BM cells labeled with their original metacluster annotations (Fig. 1) were used to train a classifier to automatically assign metacluster annotations to phenotypically similar mPB cells (see Methods). To assess the overall HSCP composition of each tissue, we grouped annotated cells into four primary lineages, “early”, “lymphoid”, “myeloid”, and “erythroid”, and quantified their frequencies for each sample (Fig. 5B). Arranging samples by increasing levels of early HSPCs perfectly separated BM from mPB samples (Fig. 5B), with significantly greater representation in mPB (Fig. 5C; p=0.00017). We confirmed this significant enrichment for early HSPCs in mPB samples by manually gating CD34+CD38- and comparing tissues (Fig. S5A; p=0.00035), supporting findings in the literature in which G-CSF and Plex mobilize more early HSPC 52. This enrichment was most pronounced in HSC, MPP1, and MPP2 populations in all three mobilization conditions (Fig. 5D). UMAP visualization of cells from all BM and mPB samples illustrated that the expansion of the early HSPC compartment in mPB came at the expense the more committed HSPC clusters when compared to BM cells, particularly for clusters implicated in lymphoid progenitor commitment (Fig. 5E).
Since our classifier for assigning metacluster IDs has some flexibility from the original BM-based definition, we then asked if there were tissue-or mobilization-specific differences in expression within our metacluster annotations. We visualized expression of several key markers for the identification of human HSC, such as CD133, CD105, CD164, CD49f, CD117, CD90 across samples within the early HSPC compartment (Fig. 5F) 8,54–57. The most drastic differences were observed in the expression of the sialomucin protein CD164. Possibly playing a role in adhesion, CD164 has been suggested as an alternative to overcome the shortcomings of CD38-based gating strategies in HSPC transplantation settings 8. Although we analyzed only one sample for the G+P mobilization condition, we observed an increased expression of CD172ab, a member of the Signal Regulatory Protein (SIRPα) family, in the HSC population of this sample, as well as in the EMP1 and MP metaclusters (Fig. S5B). CD172ab expression was previously observed on immature CD34+/CD38-hematopoietic cells, but it is also a myeloid-specific immune checkpoint 58. Finally, we observed differences in the expression of some surface markers and molecular regulators across the subpopulations in the CD34+/CD38+ compartment, such as CD33, CD45RA, CD123, GATA1, FOXP1, although the functional implications of these differences are unclear (Fig. S5B-C).
Overall, we found an enrichment for early HSPCs in mPB as compared to BM and observed differences in surface protein and molecular regulator expression within HSPC metaclusters, highlighting the contextual importance for defining cell states within the human.

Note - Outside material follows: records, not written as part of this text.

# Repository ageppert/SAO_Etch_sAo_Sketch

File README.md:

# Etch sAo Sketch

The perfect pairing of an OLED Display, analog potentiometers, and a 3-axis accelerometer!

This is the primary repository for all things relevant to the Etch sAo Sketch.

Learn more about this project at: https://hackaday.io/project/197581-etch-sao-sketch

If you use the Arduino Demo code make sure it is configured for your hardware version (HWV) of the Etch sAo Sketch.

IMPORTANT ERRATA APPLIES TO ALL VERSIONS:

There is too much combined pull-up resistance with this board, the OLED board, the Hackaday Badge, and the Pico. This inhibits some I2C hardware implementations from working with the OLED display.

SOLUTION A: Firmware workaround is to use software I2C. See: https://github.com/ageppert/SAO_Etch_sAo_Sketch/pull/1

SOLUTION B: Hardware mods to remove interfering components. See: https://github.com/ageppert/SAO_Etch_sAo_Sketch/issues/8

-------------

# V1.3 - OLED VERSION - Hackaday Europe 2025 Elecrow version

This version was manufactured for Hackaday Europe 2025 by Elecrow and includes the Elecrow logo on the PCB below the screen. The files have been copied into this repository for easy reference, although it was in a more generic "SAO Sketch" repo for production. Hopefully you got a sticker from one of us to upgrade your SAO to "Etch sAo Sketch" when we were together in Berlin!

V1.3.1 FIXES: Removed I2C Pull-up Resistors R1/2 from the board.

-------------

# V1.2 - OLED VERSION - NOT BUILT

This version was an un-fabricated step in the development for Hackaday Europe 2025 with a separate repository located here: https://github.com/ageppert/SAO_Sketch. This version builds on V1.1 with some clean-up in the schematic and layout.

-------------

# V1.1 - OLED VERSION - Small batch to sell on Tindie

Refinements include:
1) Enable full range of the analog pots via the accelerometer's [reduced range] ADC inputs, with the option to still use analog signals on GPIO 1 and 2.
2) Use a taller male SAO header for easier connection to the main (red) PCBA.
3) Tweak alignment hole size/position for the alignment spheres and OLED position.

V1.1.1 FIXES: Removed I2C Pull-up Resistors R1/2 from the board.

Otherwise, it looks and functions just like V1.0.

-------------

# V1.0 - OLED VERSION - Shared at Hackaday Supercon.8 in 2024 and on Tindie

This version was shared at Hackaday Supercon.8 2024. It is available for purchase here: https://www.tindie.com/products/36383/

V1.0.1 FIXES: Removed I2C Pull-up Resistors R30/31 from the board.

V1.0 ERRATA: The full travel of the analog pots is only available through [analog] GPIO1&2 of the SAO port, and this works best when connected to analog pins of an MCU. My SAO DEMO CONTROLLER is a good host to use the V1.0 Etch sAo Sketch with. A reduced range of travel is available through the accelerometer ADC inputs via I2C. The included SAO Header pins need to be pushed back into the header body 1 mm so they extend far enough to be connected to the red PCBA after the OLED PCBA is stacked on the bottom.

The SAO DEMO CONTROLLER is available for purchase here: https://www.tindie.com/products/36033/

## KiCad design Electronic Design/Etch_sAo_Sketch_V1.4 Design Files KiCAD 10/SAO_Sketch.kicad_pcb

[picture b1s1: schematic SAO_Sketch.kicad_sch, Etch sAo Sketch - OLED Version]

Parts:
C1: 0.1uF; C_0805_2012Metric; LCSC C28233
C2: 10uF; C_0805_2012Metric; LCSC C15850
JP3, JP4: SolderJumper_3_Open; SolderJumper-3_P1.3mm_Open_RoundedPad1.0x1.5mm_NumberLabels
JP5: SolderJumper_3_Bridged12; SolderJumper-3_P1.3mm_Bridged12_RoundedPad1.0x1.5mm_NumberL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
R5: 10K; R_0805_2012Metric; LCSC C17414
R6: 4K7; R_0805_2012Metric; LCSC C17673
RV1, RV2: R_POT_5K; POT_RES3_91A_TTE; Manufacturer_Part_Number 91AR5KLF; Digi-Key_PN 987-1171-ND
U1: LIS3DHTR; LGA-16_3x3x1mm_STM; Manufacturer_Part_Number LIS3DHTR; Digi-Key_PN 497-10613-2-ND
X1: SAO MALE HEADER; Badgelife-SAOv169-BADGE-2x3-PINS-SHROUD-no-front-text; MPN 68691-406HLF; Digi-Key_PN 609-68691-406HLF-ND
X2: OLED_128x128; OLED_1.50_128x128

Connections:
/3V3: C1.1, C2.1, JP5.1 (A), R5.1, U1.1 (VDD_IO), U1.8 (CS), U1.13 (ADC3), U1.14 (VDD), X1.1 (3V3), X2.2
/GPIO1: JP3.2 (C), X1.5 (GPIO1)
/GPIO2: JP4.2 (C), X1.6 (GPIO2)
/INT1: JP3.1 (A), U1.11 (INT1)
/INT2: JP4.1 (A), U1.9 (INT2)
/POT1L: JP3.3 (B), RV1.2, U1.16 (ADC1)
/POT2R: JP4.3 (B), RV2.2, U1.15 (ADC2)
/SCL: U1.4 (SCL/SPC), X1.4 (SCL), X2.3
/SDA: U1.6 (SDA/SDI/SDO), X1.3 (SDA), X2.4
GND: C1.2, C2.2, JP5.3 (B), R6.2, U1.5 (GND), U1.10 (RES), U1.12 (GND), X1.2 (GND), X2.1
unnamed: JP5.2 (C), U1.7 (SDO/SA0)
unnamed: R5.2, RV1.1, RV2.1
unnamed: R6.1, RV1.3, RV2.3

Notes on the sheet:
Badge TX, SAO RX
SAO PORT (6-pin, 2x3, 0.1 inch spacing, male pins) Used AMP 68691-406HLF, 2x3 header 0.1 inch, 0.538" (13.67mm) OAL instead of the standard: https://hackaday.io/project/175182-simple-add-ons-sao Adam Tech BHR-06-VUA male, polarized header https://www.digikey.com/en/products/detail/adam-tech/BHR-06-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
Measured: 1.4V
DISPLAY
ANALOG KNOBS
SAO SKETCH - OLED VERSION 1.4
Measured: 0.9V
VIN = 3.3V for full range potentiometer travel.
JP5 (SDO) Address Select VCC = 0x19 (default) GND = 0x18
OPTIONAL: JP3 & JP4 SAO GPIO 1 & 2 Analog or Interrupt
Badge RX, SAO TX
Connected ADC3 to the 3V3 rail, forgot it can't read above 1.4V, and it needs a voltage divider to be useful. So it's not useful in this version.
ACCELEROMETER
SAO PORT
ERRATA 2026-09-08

CB is enriched for MPPs and FL contains distinct HSPC subsets
To explore the features of adult and fetal HSPC, we performed mass cytometry on CB (n=4) and FL samples (n=3, range 17-20 PCW). As with the mPB samples, we gated CD34+ cells from BM, CB, and FL samples and performed leiden clustering and PAGA. We quantified the pairwise Manhattan distance between samples based on cell composition using leiden proportions and hierarchically clustered the resulting distance matrix (Fig. 6A). All samples clustered by tissue, and FL samples were the most different when compared to CB and BM. We observed in both fetal tissues a significant increase in the frequency of CD34+/CD38-cells when compared to BM (CB: p=0.0061, FL: p=0.017; Fig. 6B).
As before, BM cells were labeled with their original BM metacluster annotations (Fig. 1), and used to train a classifier to automatically assign metacluster annotations to phenotypically similar FL and CB cells (see Methods). When visualized by UMAP, we observed substantial overlap between CB and BM cells, particularly MPP1 and MPP2s, in agreement with previous publication 59 (Fig. 6C). FL cells, however had minimal overlap with BM cells. We quantified these observations and found that over 70% of CD34+ CB cells were MPPs, while over 80% of CD34+ CB cells remained unannotated, as they had no analog in BM (Fig. 6D).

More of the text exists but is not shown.